[[ RECORDS SUPPLIED, beginning ]]

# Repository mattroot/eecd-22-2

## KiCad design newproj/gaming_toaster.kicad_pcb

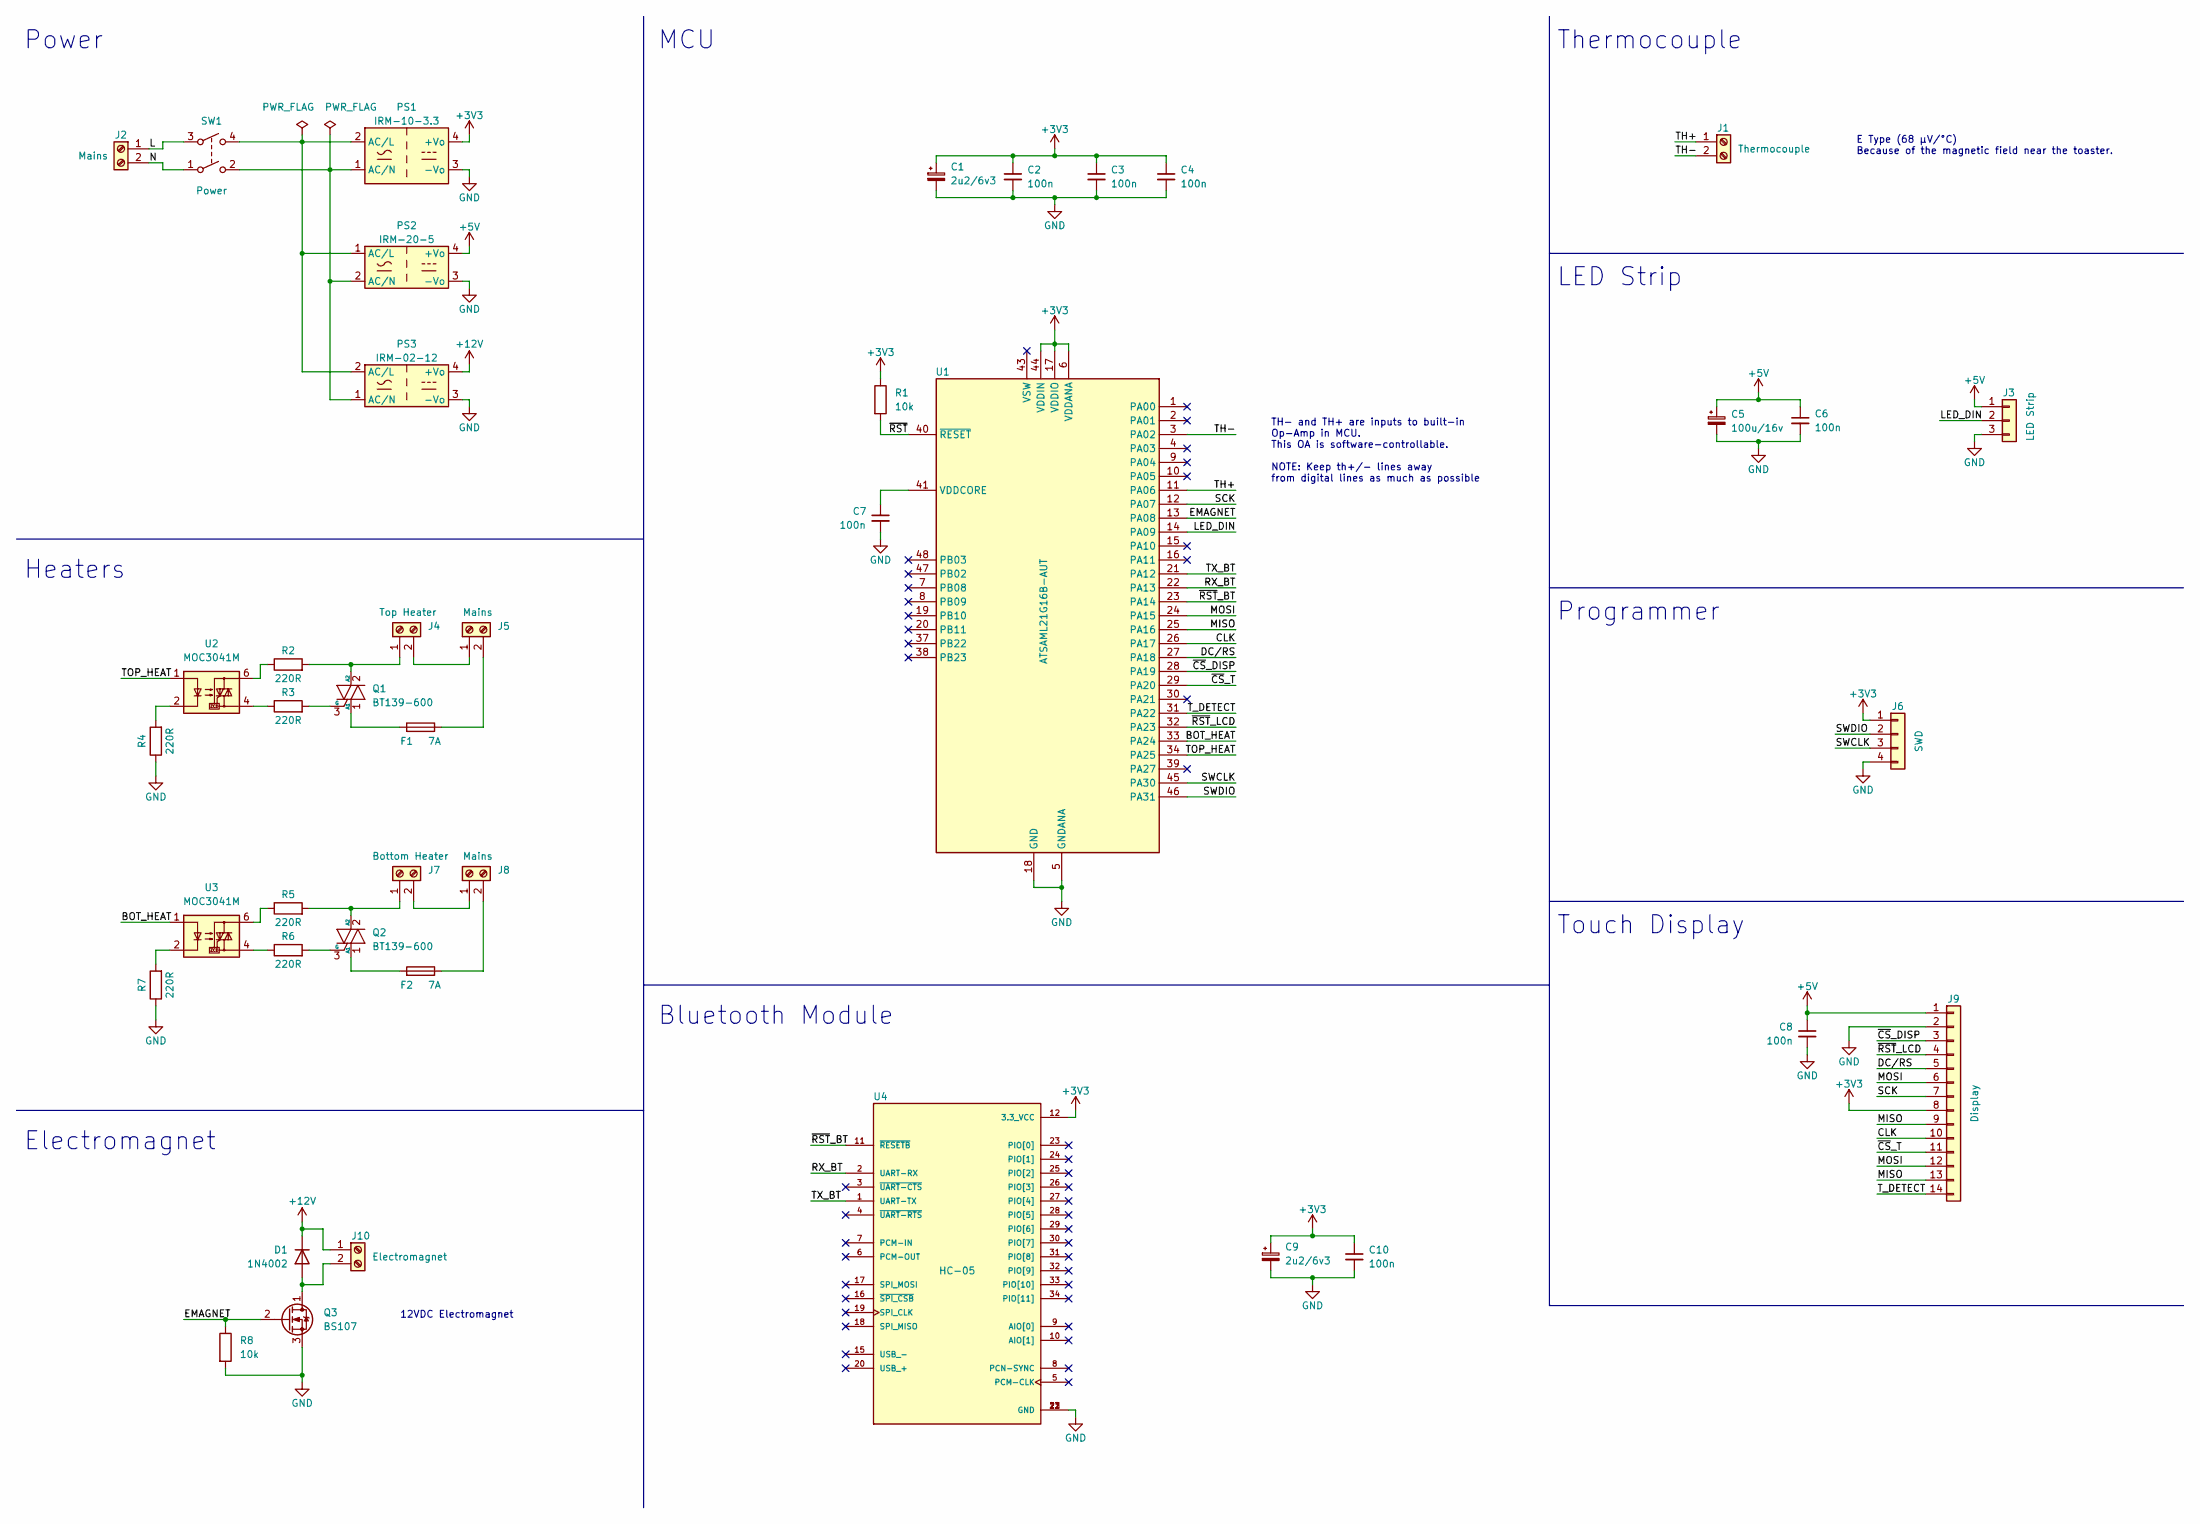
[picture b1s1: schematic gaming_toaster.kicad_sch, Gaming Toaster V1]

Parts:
C1, C9: 2u2/6v3; CP_Elec_4x3
C2, C3, C4, C6, C7, C8, C10: 100n; C_0603_1608Metric
C5: 100u/16v; CP_Elec_6.3x3.9
D1: 1N4002; D_SMA
F1, F2: 7A; Fuseholder_Clip-5x20mm_Littelfuse_520_Inline_P20.50x5.80mm_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
J1: Thermocouple; Molex_Micro-Fit_3.0_43650-0215_1x02_P3.00mm_Vertical
J2, J5, J8: Mains; TerminalBlock_bornier-2_P5.08mm
J3: LED Strip; Molex_Micro-Fit_3.0_43650-0315_1x03_P3.00mm_Vertical
J4: Top Heater; TerminalBlock_bornier-2_P5.08mm
J6: SWD; PinHeader_1x04_P2.54mm_Vertical
J7: Bottom Heater; TerminalBlock_bornier-2_P5.08mm
J9: Display; Molex_SlimStack_502426-1410_2x07_P0.40mm_Vertical
J10: Electromagnet; TerminalBlock_bornier-2_P5.08mm
PS1: IRM-10-3.3; Converter_ACDC_MeanWell_IRM-10-xx_THT
PS2: IRM-20-5; Converter_ACDC_MeanWell_IRM-20-xx_THT
PS3: IRM-02-12; Converter_ACDC_MeanWell_IRM-02-xx_THT
Q1, Q2: BT139-600; TO-220-3_Vertical
Q3: BS107; TO-92_Inline
R1, R8: 10k; R_0603_1608Metric
R2, R3, R4, R5, R6, R7: 220R; R_0603_1608Metric
SW1: Power; SolderWire-0.75sqmm_1x04_P4.8mm_D1.25mm_OD2.3mm
U1: ATSAML21G16B-AUT; TQFP-48_7x7mm_P0.5mm
U2, U3: MOC3041M; DIP-6_W7.62mm
U4: HC-05; PARTREV v1.0

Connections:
+3V3: C1.1, C2.1, C3.1, C4.1, C9.1, C10.1, J6.1, J9.8, PS1.4 (+Vo), R1.1, U1.6 (VDDANA), U1.17 (VDDIO), U1.36 (VDDIO), U1.44 (VDDIN), U4.12 (3.3_VCC)
+5V: C5.1, C6.1, C8.1, J3.1, J9.1, PS2.4 (+Vo)
+12V: D1.1 (K), J10.1, PS3.4 (+Vo)
/BOT_HEAT: U1.33 (PA24), U3.1
/CLK: J9.10, U1.26 (PA17)
/DC/RS: J9.5, U1.27 (PA18)
/EMAGNET: Q3.2 (G), R8.1, U1.13 (PA08)
/L: J2.1, SW1.3
/LED_DIN: J3.2, U1.14 (PA09)
/MISO: J9.9, J9.13, U1.25 (PA16)
/MOSI: J9.6, J9.12, U1.24 (PA15)
/N: J2.2, SW1.1
/RX_BT: U1.22 (PA13), U4.2 (UART-RX)
/SCK: J9.7, U1.12 (PA07)
/SWCLK: J6.3, U1.45 (PA30)
/SWDIO: J6.2, U1.46 (PA31)
/TH+: J1.1, U1.11 (PA06)
/TH-: J1.2, U1.3 (PA02)
/TOP_HEAT: U1.34 (PA25), U2.1
/TX_BT: U1.21 (PA12), U4.1 (UART-TX)
/T_DETECT: J9.14, U1.31 (PA22)
/~CS_DISP: J9.3, U1.28 (PA19)
/~CS_T: J9.11, U1.29 (PA20)
/~RST: R1.2, U1.40 (~RESET)
/~RST_BT: U1.23 (PA14), U4.11 (~RESETB)
/~RST_LCD: J9.4, U1.32 (PA23)
GND: C1.2, C2.2, C3.2, C4.2, C5.2, C6.2, C7.2, C8.2, C9.2, C10.2, J3.3, J6.4, J9.2, PS1.3 (-Vo), PS2.3 (-Vo), PS3.3 (-Vo), Q3.3 (S), R4.1, R7.1, R8.2, U1.5 (GNDANA), U1.18 (GND), U1.35 (GND), U1.42 (GND), U4.13 (GND), U4.21 (GND), U4.22 (GND)
unnamed: PS1.2 (AC/L), PS2.1 (AC/L), PS3.2 (AC/L), SW1.4
unnamed: PS1.1 (AC/N), PS2.2 (AC/N), PS3.1 (AC/N), SW1.2
unnamed: D1.2 (A), J10.2, Q3.1 (D)
unnamed: J4.1, Q1.2 (A2), R2.2
unnamed: J4.2, J5.1
unnamed: F1.1, J5.2
unnamed: J7.1, Q2.2 (A2), R5.2
unnamed: J7.2, J8.1
unnamed: F2.1, J8.2
unnamed: F1.2, Q1.1 (A1)
unnamed: Q1.3 (G), R3.2
unnamed: F2.2, Q2.1 (A1)
unnamed: Q2.3 (G), R6.2
unnamed: R2.1, U2.6
unnamed: R3.1, U2.4
unnamed: R4.2, U2.2
unnamed: R5.1, U3.6
unnamed: R6.1, U3.4
unnamed: R7.2, U3.2
unnamed: C7.1, U1.41 (VDDCORE)

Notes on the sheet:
MCU
Power
Bluetooth Module
E Type (68 µV/°C) Because of the magnetic field near the toaster.
Touch Display
Heaters
12VDC Electromagnet
LED Strip
Electromagnet
Thermocouple
TH- and TH+ are inputs to built-in Op-Amp in MCU. This OA is software-controllable. NOTE: Keep th+/- lines away from digital lines as much as possible
Programmer

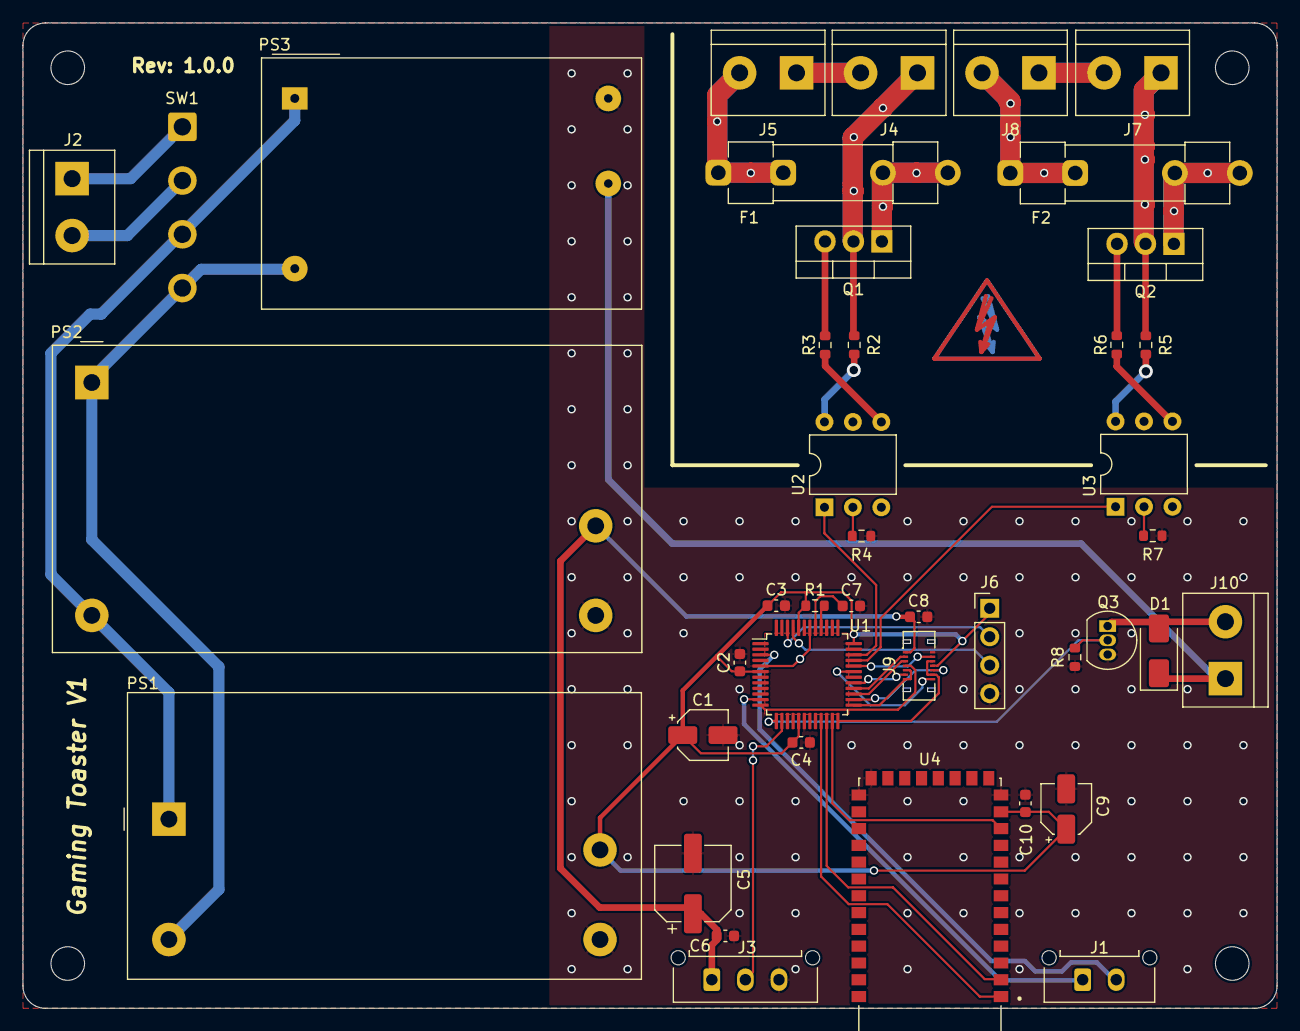
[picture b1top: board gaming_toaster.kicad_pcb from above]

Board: 2 copper layers, 112.0 x 88.0 mm, 42 parts (0 on the bottom side), 47 nets.

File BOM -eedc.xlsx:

# | Element | Q-ty | buying price | buying price | Shop
1 | 4DLCD-24320240-CTP-IPS4D SYSTEMS | 1 | 25.45 [USD/SZT] | 25.45 [USD/50 SZT] | https://www.tme.eu/en/details/4dlcd-24320240-ci/lcd-graphic-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
2 | ESP32­S3­WROOM­2 | 1 | 46.06 [USD/SZT] | 46.06 [USD/50 SZT] | https://www.tme.eu/pl/details/esp32s3-wrm2-16r8v/moduly-iot-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
3 | KAM1505CHINFA ELECTRONICS AC-DC 5v | 1 | 26.5 [USD/SZT] | 26.5 [USD/50 SZT] | https://www.tme.eu/pl/details/ac15w85-265_5/przetwornice-ac-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
4 | AME1-3.3SJZAIMTEC AC-DC 3.3v | 1 | 10.91 [USD/SZT] | 10.91 [USD/50 SZT] | https://www.tme.eu/pl/details/ame1-3.3sjz/przetwornice-ac-dc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
5 | KAM1503 AC - DC POWER MODULE13 ~ 15W UL / cUL / TUV / CE | 1 | 1.8 [USD/SZT] | 1.8 [USD/50 SZT] | https://www.compel.ru/infosheet/CHINFA/KAM1503
6 | ZIF0540DH-CF25RIVERDI | 1 | 1.6 [USD/SZT] | 1.6 [USD/50 SZT] | https://www.tme.eu/en/details/zif0540dh-cf25/displays-access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
7 | WS2812BWORLDSEMI | 1 | 0.4 [USD/SZT] | 0.4 [USD/50 SZT] | https://www.tme.eu/pl/details/ws2812b/diody-led-smd-kolorowe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
8 | H8553VBBG3076WBULGIN | 1 | 4.51 [USD/SZT] | 4.51 [USD/50 SZT] | https://www.tme.eu/pl/details/ae-h8553vbnac/przelaczniki-typ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
9
10 | IRM-20-5 - Mean Well Web | 1 | 12.27 [USD/SZT] | 11.98 [USD/50 SZT] | https://www.meanwell-web.com/en-gb/ac-dc-single-output-encap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
11 | Kondensator elektrolityczny SMD 10UF 16V | 3 | 0.09 [USD/SZT] | 0.03 [USD/50 SZT] | https://www.trim-pot.com.pl/pl/p/Kondensator-elektrolityczny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
12 | Philips Cc 2U2 6V3 | 6 | 0.38 [USD/SZT] | 0.26 [USD/50 SZT] | https://nowyelektronik.pl/index.php?id_product=28116&control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
13 | ATSAML21G16B-AUT | 1 | 4.43 [USD/SZT] | 3.98 [USD/50 SZT] | https://www.mouser.pl/ProductDetail/Microchip-Technology/ATS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
14 | PinHeader 1x04 P 2.54mm_Vertical | 1 | 0.87 [USD/SZT] | 0.59 [USD/50 SZT] | https://www.mouser.pl/ProductDetail/Mill-Max/310-47-105-41-0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
15 | R_0603_1608 Metric 220R | 6 | 3.00 [USD/SZT] | 2.14 [USD/50 SZT] | https://www.mouser.pl/c/passive-components/resistors/smd-res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
16 | R_0603_1608 Metric 100n | 9 | 3.00 [USD/SZT] | 2.14 [USD/50 SZT] | https://www.mouser.pl/c/passive-components/resistors/smd-res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
17 | 691214110002S | 1 | 1.20 [USD/SZT] | 1.10 [USD/50 SZT] | https://www.mouser.pl/ProductDetail/Wurth-Elektronik/6912141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
18 | PTS645SL50-2 LFSC&K | 1 | 0.23 [USD/SZT] | 0.19[USD/50 SZT] | https://www.tme.eu/pl/details/pts645sl50-2/mikroprzelaczniki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
19 | MOC3041M | 2 | 1.11 [USD/SZT] | 0.48[USD/50 SZT] | https://www.mouser.pl/ProductDetail/onsemi-Fairchild/MOC3041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
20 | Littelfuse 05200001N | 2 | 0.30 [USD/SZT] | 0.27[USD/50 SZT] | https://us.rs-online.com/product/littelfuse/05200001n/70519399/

[[ RECORDS SUPPLIED, end ]]

__TASK TO COMPLETE__: The response must hold only the lines above from the line with "J3: LED Strip;" through the line with "PS2: IRM-20-5; Converter_ACDC_MeanWell_IRM-20-xx_THT", each copied exactly, both ends kept.

__WRITTEN SOLUTION__:
J3: LED Strip; Molex_Micro-Fit_3.0_43650-0315_1x03_P3.00mm_Vertical
J4: Top Heater; TerminalBlock_bornier-2_P5.08mm
J6: SWD; PinHeader_1x04_P2.54mm_Vertical
J7: Bottom Heater; TerminalBlock_bornier-2_P5.08mm
J9: Display; Molex_SlimStack_502426-1410_2x07_P0.40mm_Vertical
J10: Electromagnet; TerminalBlock_bornier-2_P5.08mm
PS1: IRM-10-3.3; Converter_ACDC_MeanWell_IRM-10-xx_THT
PS2: IRM-20-5; Converter_ACDC_MeanWell_IRM-20-xx_THT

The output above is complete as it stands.